» Record excerpts
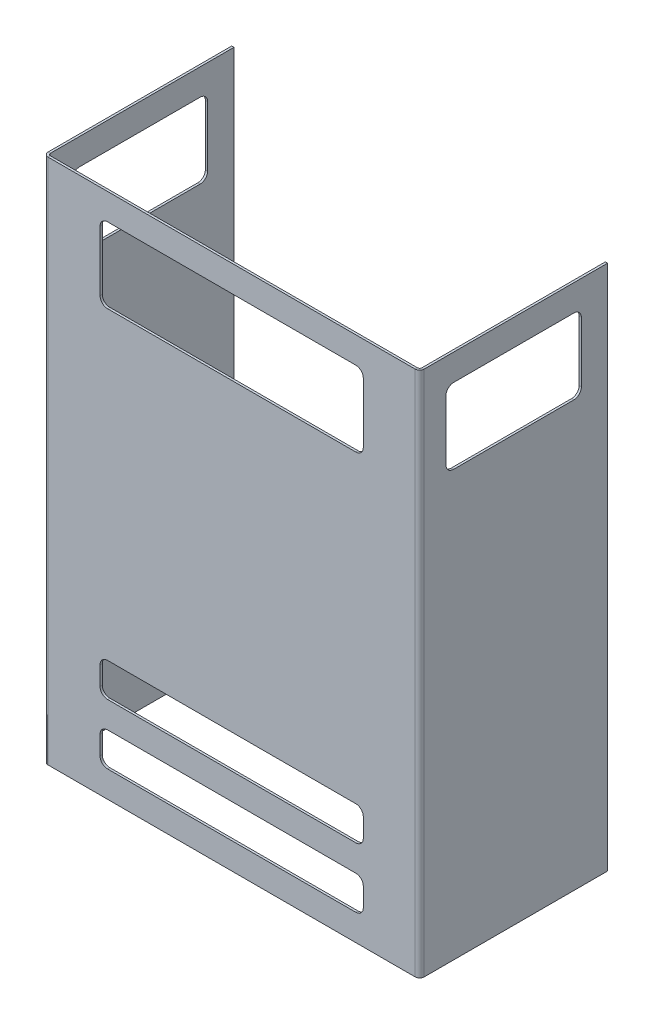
ISO-10303-21;
HEADER;
FILE_DESCRIPTION(('STEP AP214'),'2;1');
FILE_NAME('part.step','',(''),(''),'','','');
FILE_SCHEMA(('AUTOMOTIVE_DESIGN { 1 0 10303 214 1 1 1 1 }'));
ENDSEC;
DATA;
#1=APPLICATION_CONTEXT('core data for automotive mechanical design processes');
#2=APPLICATION_PROTOCOL_DEFINITION('international standard','automotive_design',2000,#1);
#3=PRODUCT_CONTEXT('',#1,'mechanical');
#4=PRODUCT('Part','Part','',(#3));
#5=PRODUCT_RELATED_PRODUCT_CATEGORY('part','',(#4));
#6=PRODUCT_DEFINITION_FORMATION('','',#4);
#7=PRODUCT_DEFINITION_CONTEXT('part definition',#1,'design');
#8=PRODUCT_DEFINITION('design','',#6,#7);
#9=PRODUCT_DEFINITION_SHAPE('','',#8);
#10=(LENGTH_UNIT() NAMED_UNIT(*) SI_UNIT(.MILLI.,.METRE.));
#11=(NAMED_UNIT(*) PLANE_ANGLE_UNIT() SI_UNIT($,.RADIAN.));
#12=(NAMED_UNIT(*) SI_UNIT($,.STERADIAN.) SOLID_ANGLE_UNIT());
#13=UNCERTAINTY_MEASURE_WITH_UNIT(LENGTH_MEASURE(1.E-05),#10,'distance_accuracy_value','');
#14=(GEOMETRIC_REPRESENTATION_CONTEXT(3) GLOBAL_UNCERTAINTY_ASSIGNED_CONTEXT((#13)) GLOBAL_UNIT_ASSIGNED_CONTEXT((#10,
#11,#12)) REPRESENTATION_CONTEXT('',''));
#15=CARTESIAN_POINT('',(0.,0.,0.));
#16=DIRECTION('',(0.,0.,1.));
#17=DIRECTION('',(1.,0.,0.));
#18=AXIS2_PLACEMENT_3D('',#15,#16,#17);
#19=CARTESIAN_POINT('',(-250.,700.,-6.00000000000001));
#20=DIRECTION('',(0.,1.,0.));
#21=DIRECTION('',(0.,0.,1.));
#22=AXIS2_PLACEMENT_3D('',#19,#20,#21);
#23=PLANE('',#22);
#24=DIRECTION('',(1.,0.,0.));
#25=VECTOR('',#24,1.);
#26=CARTESIAN_POINT('',(-250.,700.,-6.00000000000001));
#27=LINE('',#26,#25);
#28=CARTESIAN_POINT('',(-250.,700.,-6.00000000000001));
#29=VERTEX_POINT('',#28);
#30=CARTESIAN_POINT('',(-247.,700.,-6.));
#31=VERTEX_POINT('',#30);
#32=EDGE_CURVE('E11',#29,#31,#27,.T.);
#33=ORIENTED_EDGE('',*,*,#32,.F.);
#34=CARTESIAN_POINT('',(-244.,700.,-6.));
#35=DIRECTION('',(0.,-1.,0.));
#36=DIRECTION('',(0.,0.,-1.));
#37=AXIS2_PLACEMENT_3D('',#34,#35,#36);
#38=CIRCLE('',#37,6.);
#39=CARTESIAN_POINT('',(-244.,700.,0.));
#40=VERTEX_POINT('',#39);
#41=EDGE_CURVE('E703',#29,#40,#38,.F.);
#42=ORIENTED_EDGE('',*,*,#41,.T.);
#43=DIRECTION('',(0.,0.,1.));
#44=VECTOR('',#43,1.);
#45=CARTESIAN_POINT('',(-244.,700.,-3.));
#46=LINE('',#45,#44);
#47=CARTESIAN_POINT('',(-244.,700.,-3.));
#48=VERTEX_POINT('',#47);
#49=EDGE_CURVE('E43',#48,#40,#46,.T.);
#50=ORIENTED_EDGE('',*,*,#49,.F.);
#51=CARTESIAN_POINT('',(-244.,700.,-6.));
#52=DIRECTION('',(0.,1.,0.));
#53=DIRECTION('',(1.,0.,0.));
#54=AXIS2_PLACEMENT_3D('',#51,#52,#53);
#55=CIRCLE('',#54,3.);
#56=EDGE_CURVE('E691',#31,#48,#55,.T.);
#57=ORIENTED_EDGE('',*,*,#56,.F.);
#58=EDGE_LOOP('',(#33,#42,#50,#57));
#59=FACE_BOUND('',#58,.T.);
#60=ADVANCED_FACE('F36',(#59),#23,.T.);
#61=CARTESIAN_POINT('',(-244.,700.,-3.));
#62=DIRECTION('',(0.,1.,0.));
#63=DIRECTION('',(0.,0.,1.));
#64=AXIS2_PLACEMENT_3D('',#61,#62,#63);
#65=PLANE('',#64);
#66=DIRECTION('',(0.,0.,1.));
#67=VECTOR('',#66,1.);
#68=CARTESIAN_POINT('',(-250.,700.,-250.));
#69=LINE('',#68,#67);
#70=CARTESIAN_POINT('',(-250.,700.,-250.));
#71=VERTEX_POINT('',#70);
#72=EDGE_CURVE('E700',#71,#29,#69,.T.);
#73=ORIENTED_EDGE('',*,*,#72,.T.);
#74=ORIENTED_EDGE('',*,*,#32,.T.);
#75=DIRECTION('',(0.,0.,-1.));
#76=VECTOR('',#75,1.);
#77=CARTESIAN_POINT('',(-247.,700.,-250.));
#78=LINE('',#77,#76);
#79=CARTESIAN_POINT('',(-247.,700.,-250.));
#80=VERTEX_POINT('',#79);
#81=EDGE_CURVE('E694',#80,#31,#78,.F.);
#82=ORIENTED_EDGE('',*,*,#81,.F.);
#83=DIRECTION('',(1.,0.,0.));
#84=VECTOR('',#83,1.);
#85=CARTESIAN_POINT('',(-250.,700.,-250.));
#86=LINE('',#85,#84);
#87=EDGE_CURVE('E697',#71,#80,#86,.T.);
#88=ORIENTED_EDGE('',*,*,#87,.F.);
#89=EDGE_LOOP('',(#73,#74,#82,#88));
#90=FACE_BOUND('',#89,.T.);
#91=ADVANCED_FACE('F832',(#90),#65,.T.);
#92=CARTESIAN_POINT('',(-244.,0.,0.));
#93=DIRECTION('',(0.,-1.,0.));
#94=DIRECTION('',(0.,0.,-1.));
#95=AXIS2_PLACEMENT_3D('',#92,#93,#94);
#96=PLANE('',#95);
#97=DIRECTION('',(0.,0.,-1.));
#98=VECTOR('',#97,1.);
#99=CARTESIAN_POINT('',(-244.,0.,0.));
#100=LINE('',#99,#98);
#101=CARTESIAN_POINT('',(-244.,0.,0.));
#102=VERTEX_POINT('',#101);
#103=CARTESIAN_POINT('',(-244.,0.,-3.));
#104=VERTEX_POINT('',#103);
#105=EDGE_CURVE('E788',#102,#104,#100,.T.);
#106=ORIENTED_EDGE('',*,*,#105,.F.);
#107=CARTESIAN_POINT('',(-244.,0.,-6.));
#108=DIRECTION('',(0.,-1.,0.));
#109=DIRECTION('',(0.,0.,-1.));
#110=AXIS2_PLACEMENT_3D('',#107,#108,#109);
#111=CIRCLE('',#110,6.);
#112=CARTESIAN_POINT('',(-250.,0.,-6.00000000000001));
#113=VERTEX_POINT('',#112);
#114=EDGE_CURVE('E739',#113,#102,#111,.F.);
#115=ORIENTED_EDGE('',*,*,#114,.F.);
#116=DIRECTION('',(-1.,0.,0.));
#117=VECTOR('',#116,1.);
#118=CARTESIAN_POINT('',(-247.,0.,-6.));
#119=LINE('',#118,#117);
#120=CARTESIAN_POINT('',(-247.,0.,-6.));
#121=VERTEX_POINT('',#120);
#122=EDGE_CURVE('E786',#121,#113,#119,.T.);
#123=ORIENTED_EDGE('',*,*,#122,.F.);
#124=CARTESIAN_POINT('',(-244.,0.,-6.));
#125=DIRECTION('',(0.,1.,0.));
#126=DIRECTION('',(1.,0.,0.));
#127=AXIS2_PLACEMENT_3D('',#124,#125,#126);
#128=CIRCLE('',#127,3.);
#129=EDGE_CURVE('E727',#121,#104,#128,.T.);
#130=ORIENTED_EDGE('',*,*,#129,.T.);
#131=EDGE_LOOP('',(#106,#115,#123,#130));
#132=FACE_BOUND('',#131,.T.);
#133=ADVANCED_FACE('F840',(#132),#96,.T.);
#134=CARTESIAN_POINT('',(-247.,0.,-6.));
#135=DIRECTION('',(0.,-1.,0.));
#136=DIRECTION('',(0.,0.,-1.));
#137=AXIS2_PLACEMENT_3D('',#134,#135,#136);
#138=PLANE('',#137);
#139=DIRECTION('',(1.,0.,0.));
#140=VECTOR('',#139,1.);
#141=CARTESIAN_POINT('',(-250.,0.,0.));
#142=LINE('',#141,#140);
#143=CARTESIAN_POINT('',(244.,0.,0.));
#144=VERTEX_POINT('',#143);
#145=EDGE_CURVE('E742',#102,#144,#142,.T.);
#146=ORIENTED_EDGE('',*,*,#145,.F.);
#147=ORIENTED_EDGE('',*,*,#105,.T.);
#148=DIRECTION('',(1.,0.,0.));
#149=VECTOR('',#148,1.);
#150=CARTESIAN_POINT('',(-250.,0.,-3.));
#151=LINE('',#150,#149);
#152=CARTESIAN_POINT('',(244.,0.,-3.));
#153=VERTEX_POINT('',#152);
#154=EDGE_CURVE('E724',#104,#153,#151,.T.);
#155=ORIENTED_EDGE('',*,*,#154,.T.);
#156=DIRECTION('',(0.,0.,1.));
#157=VECTOR('',#156,1.);
#158=CARTESIAN_POINT('',(244.,0.,-3.));
#159=LINE('',#158,#157);
#160=EDGE_CURVE('E778',#153,#144,#159,.T.);
#161=ORIENTED_EDGE('',*,*,#160,.T.);
#162=EDGE_LOOP('',(#146,#147,#155,#161));
#163=FACE_BOUND('',#162,.T.);
#164=ADVANCED_FACE('F842',(#163),#138,.T.);
#165=CARTESIAN_POINT('',(244.,700.,0.));
#166=DIRECTION('',(0.,1.,0.));
#167=DIRECTION('',(0.,0.,1.));
#168=AXIS2_PLACEMENT_3D('',#165,#166,#167);
#169=PLANE('',#168);
#170=DIRECTION('',(0.,0.,-1.));
#171=VECTOR('',#170,1.);
#172=CARTESIAN_POINT('',(244.,700.,0.));
#173=LINE('',#172,#171);
#174=CARTESIAN_POINT('',(244.,700.,0.));
#175=VERTEX_POINT('',#174);
#176=CARTESIAN_POINT('',(244.,700.,-3.));
#177=VERTEX_POINT('',#176);
#178=EDGE_CURVE('E784',#175,#177,#173,.T.);
#179=ORIENTED_EDGE('',*,*,#178,.F.);
#180=CARTESIAN_POINT('',(244.,700.,-6.));
#181=DIRECTION('',(0.,-1.,0.));
#182=DIRECTION('',(0.,0.,-1.));
#183=AXIS2_PLACEMENT_3D('',#180,#181,#182);
#184=CIRCLE('',#183,6.);
#185=CARTESIAN_POINT('',(250.,700.,-6.));
#186=VERTEX_POINT('',#185);
#187=EDGE_CURVE('E709',#175,#186,#184,.F.);
#188=ORIENTED_EDGE('',*,*,#187,.T.);
#189=DIRECTION('',(1.,0.,0.));
#190=VECTOR('',#189,1.);
#191=CARTESIAN_POINT('',(247.,700.,-6.));
#192=LINE('',#191,#190);
#193=CARTESIAN_POINT('',(247.,700.,-6.));
#194=VERTEX_POINT('',#193);
#195=EDGE_CURVE('E782',#194,#186,#192,.T.);
#196=ORIENTED_EDGE('',*,*,#195,.F.);
#197=CARTESIAN_POINT('',(244.,700.,-6.));
#198=DIRECTION('',(0.,1.,0.));
#199=DIRECTION('',(1.,0.,0.));
#200=AXIS2_PLACEMENT_3D('',#197,#198,#199);
#201=CIRCLE('',#200,3.);
#202=EDGE_CURVE('E685',#177,#194,#201,.T.);
#203=ORIENTED_EDGE('',*,*,#202,.F.);
#204=EDGE_LOOP('',(#179,#188,#196,#203));
#205=FACE_BOUND('',#204,.T.);
#206=ADVANCED_FACE('F812',(#205),#169,.T.);
#207=CARTESIAN_POINT('',(247.,700.,-6.));
#208=DIRECTION('',(0.,1.,0.));
#209=DIRECTION('',(0.,0.,1.));
#210=AXIS2_PLACEMENT_3D('',#207,#208,#209);
#211=PLANE('',#210);
#212=DIRECTION('',(1.,0.,0.));
#213=VECTOR('',#212,1.);
#214=CARTESIAN_POINT('',(-250.,700.,0.));
#215=LINE('',#214,#213);
#216=EDGE_CURVE('E706',#40,#175,#215,.T.);
#217=ORIENTED_EDGE('',*,*,#216,.T.);
#218=ORIENTED_EDGE('',*,*,#178,.T.);
#219=DIRECTION('',(1.,0.,0.));
#220=VECTOR('',#219,1.);
#221=CARTESIAN_POINT('',(-250.,700.,-3.));
#222=LINE('',#221,#220);
#223=EDGE_CURVE('E688',#48,#177,#222,.T.);
#224=ORIENTED_EDGE('',*,*,#223,.F.);
#225=ORIENTED_EDGE('',*,*,#49,.T.);
#226=EDGE_LOOP('',(#217,#218,#224,#225));
#227=FACE_BOUND('',#226,.T.);
#228=ADVANCED_FACE('F791',(#227),#211,.T.);
#229=CARTESIAN_POINT('',(250.,0.,-6.));
#230=DIRECTION('',(0.,-1.,0.));
#231=DIRECTION('',(0.,0.,-1.));
#232=AXIS2_PLACEMENT_3D('',#229,#230,#231);
#233=PLANE('',#232);
#234=DIRECTION('',(-1.,0.,0.));
#235=VECTOR('',#234,1.);
#236=CARTESIAN_POINT('',(250.,0.,-6.));
#237=LINE('',#236,#235);
#238=CARTESIAN_POINT('',(250.,0.,-6.));
#239=VERTEX_POINT('',#238);
#240=CARTESIAN_POINT('',(247.,0.,-6.));
#241=VERTEX_POINT('',#240);
#242=EDGE_CURVE('E780',#239,#241,#237,.T.);
#243=ORIENTED_EDGE('',*,*,#242,.F.);
#244=CARTESIAN_POINT('',(244.,0.,-6.));
#245=DIRECTION('',(0.,-1.,0.));
#246=DIRECTION('',(0.,0.,-1.));
#247=AXIS2_PLACEMENT_3D('',#244,#245,#246);
#248=CIRCLE('',#247,6.);
#249=EDGE_CURVE('E679',#144,#239,#248,.F.);
#250=ORIENTED_EDGE('',*,*,#249,.F.);
#251=ORIENTED_EDGE('',*,*,#160,.F.);
#252=CARTESIAN_POINT('',(244.,0.,-6.));
#253=DIRECTION('',(0.,1.,0.));
#254=DIRECTION('',(1.,0.,0.));
#255=AXIS2_PLACEMENT_3D('',#252,#253,#254);
#256=CIRCLE('',#255,3.);
#257=EDGE_CURVE('E721',#153,#241,#256,.T.);
#258=ORIENTED_EDGE('',*,*,#257,.T.);
#259=EDGE_LOOP('',(#243,#250,#251,#258));
#260=FACE_BOUND('',#259,.T.);
#261=ADVANCED_FACE('F844',(#260),#233,.T.);
#262=CARTESIAN_POINT('',(244.,0.,-3.));
#263=DIRECTION('',(0.,-1.,0.));
#264=DIRECTION('',(0.,0.,-1.));
#265=AXIS2_PLACEMENT_3D('',#262,#263,#264);
#266=PLANE('',#265);
#267=DIRECTION('',(0.,0.,-1.));
#268=VECTOR('',#267,1.);
#269=CARTESIAN_POINT('',(250.,0.,0.));
#270=LINE('',#269,#268);
#271=CARTESIAN_POINT('',(250.,0.,-250.));
#272=VERTEX_POINT('',#271);
#273=EDGE_CURVE('E535',#239,#272,#270,.T.);
#274=ORIENTED_EDGE('',*,*,#273,.F.);
#275=ORIENTED_EDGE('',*,*,#242,.T.);
#276=DIRECTION('',(0.,0.,-1.));
#277=VECTOR('',#276,1.);
#278=CARTESIAN_POINT('',(247.,0.,0.));
#279=LINE('',#278,#277);
#280=CARTESIAN_POINT('',(247.,0.,-250.));
#281=VERTEX_POINT('',#280);
#282=EDGE_CURVE('E718',#241,#281,#279,.T.);
#283=ORIENTED_EDGE('',*,*,#282,.T.);
#284=DIRECTION('',(1.,0.,0.));
#285=VECTOR('',#284,1.);
#286=CARTESIAN_POINT('',(247.,0.,-250.));
#287=LINE('',#286,#285);
#288=EDGE_CURVE('E715',#281,#272,#287,.T.);
#289=ORIENTED_EDGE('',*,*,#288,.T.);
#290=EDGE_LOOP('',(#274,#275,#283,#289));
#291=FACE_BOUND('',#290,.T.);
#292=ADVANCED_FACE('F850',(#291),#266,.T.);
#293=CARTESIAN_POINT('',(250.,700.,0.));
#294=DIRECTION('',(-1.,0.,0.));
#295=DIRECTION('',(0.,0.,1.));
#296=AXIS2_PLACEMENT_3D('',#293,#294,#295);
#297=PLANE('',#296);
#298=DIRECTION('',(0.,0.,1.));
#299=VECTOR('',#298,1.);
#300=CARTESIAN_POINT('',(250.,665.,-45.));
#301=LINE('',#300,#299);
#302=CARTESIAN_POINT('',(250.,665.,-205.));
#303=VERTEX_POINT('',#302);
#304=CARTESIAN_POINT('',(250.,665.,-45.));
#305=VERTEX_POINT('',#304);
#306=EDGE_CURVE('E412',#303,#305,#301,.T.);
#307=ORIENTED_EDGE('',*,*,#306,.F.);
#308=CARTESIAN_POINT('',(250.,655.,-205.));
#309=DIRECTION('',(1.,0.,0.));
#310=DIRECTION('',(0.,0.,1.));
#311=AXIS2_PLACEMENT_3D('',#308,#309,#310);
#312=CIRCLE('',#311,10.0000000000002);
#313=CARTESIAN_POINT('',(250.,655.,-215.));
#314=VERTEX_POINT('',#313);
#315=EDGE_CURVE('E50',#314,#303,#312,.T.);
#316=ORIENTED_EDGE('',*,*,#315,.F.);
#317=DIRECTION('',(0.,1.,0.));
#318=VECTOR('',#317,1.);
#319=CARTESIAN_POINT('',(250.,655.,-215.));
#320=LINE('',#319,#318);
#321=CARTESIAN_POINT('',(250.,575.,-215.));
#322=VERTEX_POINT('',#321);
#323=EDGE_CURVE('E392',#322,#314,#320,.T.);
#324=ORIENTED_EDGE('',*,*,#323,.F.);
#325=CARTESIAN_POINT('',(250.,575.,-205.));
#326=DIRECTION('',(1.,0.,0.));
#327=DIRECTION('',(0.,0.,-1.));
#328=AXIS2_PLACEMENT_3D('',#325,#326,#327);
#329=CIRCLE('',#328,10.);
#330=CARTESIAN_POINT('',(250.,565.,-205.));
#331=VERTEX_POINT('',#330);
#332=EDGE_CURVE('E395',#331,#322,#329,.T.);
#333=ORIENTED_EDGE('',*,*,#332,.F.);
#334=DIRECTION('',(0.,0.,-1.));
#335=VECTOR('',#334,1.);
#336=CARTESIAN_POINT('',(250.,565.,-45.));
#337=LINE('',#336,#335);
#338=CARTESIAN_POINT('',(250.,565.,-45.));
#339=VERTEX_POINT('',#338);
#340=EDGE_CURVE('E423',#339,#331,#337,.T.);
#341=ORIENTED_EDGE('',*,*,#340,.F.);
#342=CARTESIAN_POINT('',(250.,575.,-45.));
#343=DIRECTION('',(1.,0.,0.));
#344=DIRECTION('',(0.,0.,-1.));
#345=AXIS2_PLACEMENT_3D('',#342,#343,#344);
#346=CIRCLE('',#345,10.);
#347=CARTESIAN_POINT('',(250.,575.,-35.));
#348=VERTEX_POINT('',#347);
#349=EDGE_CURVE('E420',#348,#339,#346,.T.);
#350=ORIENTED_EDGE('',*,*,#349,.F.);
#351=DIRECTION('',(0.,-1.,0.));
#352=VECTOR('',#351,1.);
#353=CARTESIAN_POINT('',(250.,655.,-35.));
#354=LINE('',#353,#352);
#355=CARTESIAN_POINT('',(250.,655.,-34.9999999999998));
#356=VERTEX_POINT('',#355);
#357=EDGE_CURVE('E417',#356,#348,#354,.T.);
#358=ORIENTED_EDGE('',*,*,#357,.F.);
#359=CARTESIAN_POINT('',(250.,655.,-45.));
#360=DIRECTION('',(1.,0.,0.));
#361=DIRECTION('',(0.,0.,-1.));
#362=AXIS2_PLACEMENT_3D('',#359,#360,#361);
#363=CIRCLE('',#362,10.0000000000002);
#364=EDGE_CURVE('E414',#305,#356,#363,.T.);
#365=ORIENTED_EDGE('',*,*,#364,.F.);
#366=EDGE_LOOP('',(#307,#316,#324,#333,#341,#350,#358,#365));
#367=FACE_BOUND('',#366,.T.);
#368=ORIENTED_EDGE('',*,*,#273,.T.);
#369=DIRECTION('',(0.,-1.,0.));
#370=VECTOR('',#369,1.);
#371=CARTESIAN_POINT('',(250.,700.,-250.));
#372=LINE('',#371,#370);
#373=CARTESIAN_POINT('',(250.,700.,-250.));
#374=VERTEX_POINT('',#373);
#375=EDGE_CURVE('E776',#374,#272,#372,.T.);
#376=ORIENTED_EDGE('',*,*,#375,.F.);
#377=DIRECTION('',(0.,0.,-1.));
#378=VECTOR('',#377,1.);
#379=CARTESIAN_POINT('',(250.,700.,0.));
#380=LINE('',#379,#378);
#381=EDGE_CURVE('E676',#186,#374,#380,.T.);
#382=ORIENTED_EDGE('',*,*,#381,.F.);
#383=DIRECTION('',(0.,-1.,0.));
#384=VECTOR('',#383,1.);
#385=CARTESIAN_POINT('',(250.,700.,-6.));
#386=LINE('',#385,#384);
#387=EDGE_CURVE('E712',#186,#239,#386,.T.);
#388=ORIENTED_EDGE('',*,*,#387,.T.);
#389=EDGE_LOOP('',(#368,#376,#382,#388));
#390=FACE_BOUND('',#389,.T.);
#391=ADVANCED_FACE('F847',(#367,#390),#297,.F.);
#392=CARTESIAN_POINT('',(247.,700.,-250.));
#393=DIRECTION('',(0.,0.,-1.));
#394=DIRECTION('',(-1.,0.,0.));
#395=AXIS2_PLACEMENT_3D('',#392,#393,#394);
#396=PLANE('',#395);
#397=ORIENTED_EDGE('',*,*,#288,.F.);
#398=DIRECTION('',(0.,-1.,0.));
#399=VECTOR('',#398,1.);
#400=CARTESIAN_POINT('',(247.,700.,-250.));
#401=LINE('',#400,#399);
#402=CARTESIAN_POINT('',(247.,700.,-250.));
#403=VERTEX_POINT('',#402);
#404=EDGE_CURVE('E774',#403,#281,#401,.T.);
#405=ORIENTED_EDGE('',*,*,#404,.F.);
#406=DIRECTION('',(1.,0.,0.));
#407=VECTOR('',#406,1.);
#408=CARTESIAN_POINT('',(247.,700.,-250.));
#409=LINE('',#408,#407);
#410=EDGE_CURVE('E678',#403,#374,#409,.T.);
#411=ORIENTED_EDGE('',*,*,#410,.T.);
#412=ORIENTED_EDGE('',*,*,#375,.T.);
#413=EDGE_LOOP('',(#397,#405,#411,#412));
#414=FACE_BOUND('',#413,.T.);
#415=ADVANCED_FACE('F854',(#414),#396,.T.);
#416=CARTESIAN_POINT('',(247.,700.,0.));
#417=DIRECTION('',(-1.,0.,0.));
#418=DIRECTION('',(0.,0.,1.));
#419=AXIS2_PLACEMENT_3D('',#416,#417,#418);
#420=PLANE('',#419);
#421=CARTESIAN_POINT('',(247.,655.,-205.));
#422=DIRECTION('',(-1.,0.,0.));
#423=DIRECTION('',(0.,0.,1.));
#424=AXIS2_PLACEMENT_3D('',#421,#422,#423);
#425=CIRCLE('',#424,10.0000000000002);
#426=CARTESIAN_POINT('',(247.,665.,-205.));
#427=VERTEX_POINT('',#426);
#428=CARTESIAN_POINT('',(247.,655.,-215.));
#429=VERTEX_POINT('',#428);
#430=EDGE_CURVE('E481',#427,#429,#425,.T.);
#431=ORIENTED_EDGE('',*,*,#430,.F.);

» Exercise brief
Among the entries above, the line containing "#373=CARTESIAN_POINT('',(250.,700.,-250.));", the line containing "#406=DIRECTION('',(1.,0.,0.));", and all lines between them are to be restated word for word; nothing else belongs in the reply.

» Expected answer
#373=CARTESIAN_POINT('',(250.,700.,-250.));
#374=VERTEX_POINT('',#373);
#375=EDGE_CURVE('E776',#374,#272,#372,.T.);
#376=ORIENTED_EDGE('',*,*,#375,.F.);
#377=DIRECTION('',(0.,0.,-1.));
#378=VECTOR('',#377,1.);
#379=CARTESIAN_POINT('',(250.,700.,0.));
#380=LINE('',#379,#378);
#381=EDGE_CURVE('E676',#186,#374,#380,.T.);
#382=ORIENTED_EDGE('',*,*,#381,.F.);
#383=DIRECTION('',(0.,-1.,0.));
#384=VECTOR('',#383,1.);
#385=CARTESIAN_POINT('',(250.,700.,-6.));
#386=LINE('',#385,#384);
#387=EDGE_CURVE('E712',#186,#239,#386,.T.);
#388=ORIENTED_EDGE('',*,*,#387,.T.);
#389=EDGE_LOOP('',(#368,#376,#382,#388));
#390=FACE_BOUND('',#389,.T.);
#391=ADVANCED_FACE('F847',(#367,#390),#297,.F.);
#392=CARTESIAN_POINT('',(247.,700.,-250.));
#393=DIRECTION('',(0.,0.,-1.));
#394=DIRECTION('',(-1.,0.,0.));
#395=AXIS2_PLACEMENT_3D('',#392,#393,#394);
#396=PLANE('',#395);
#397=ORIENTED_EDGE('',*,*,#288,.F.);
#398=DIRECTION('',(0.,-1.,0.));
#399=VECTOR('',#398,1.);
#400=CARTESIAN_POINT('',(247.,700.,-250.));
#401=LINE('',#400,#399);
#402=CARTESIAN_POINT('',(247.,700.,-250.));
#403=VERTEX_POINT('',#402);
#404=EDGE_CURVE('E774',#403,#281,#401,.T.);
#405=ORIENTED_EDGE('',*,*,#404,.F.);
#406=DIRECTION('',(1.,0.,0.));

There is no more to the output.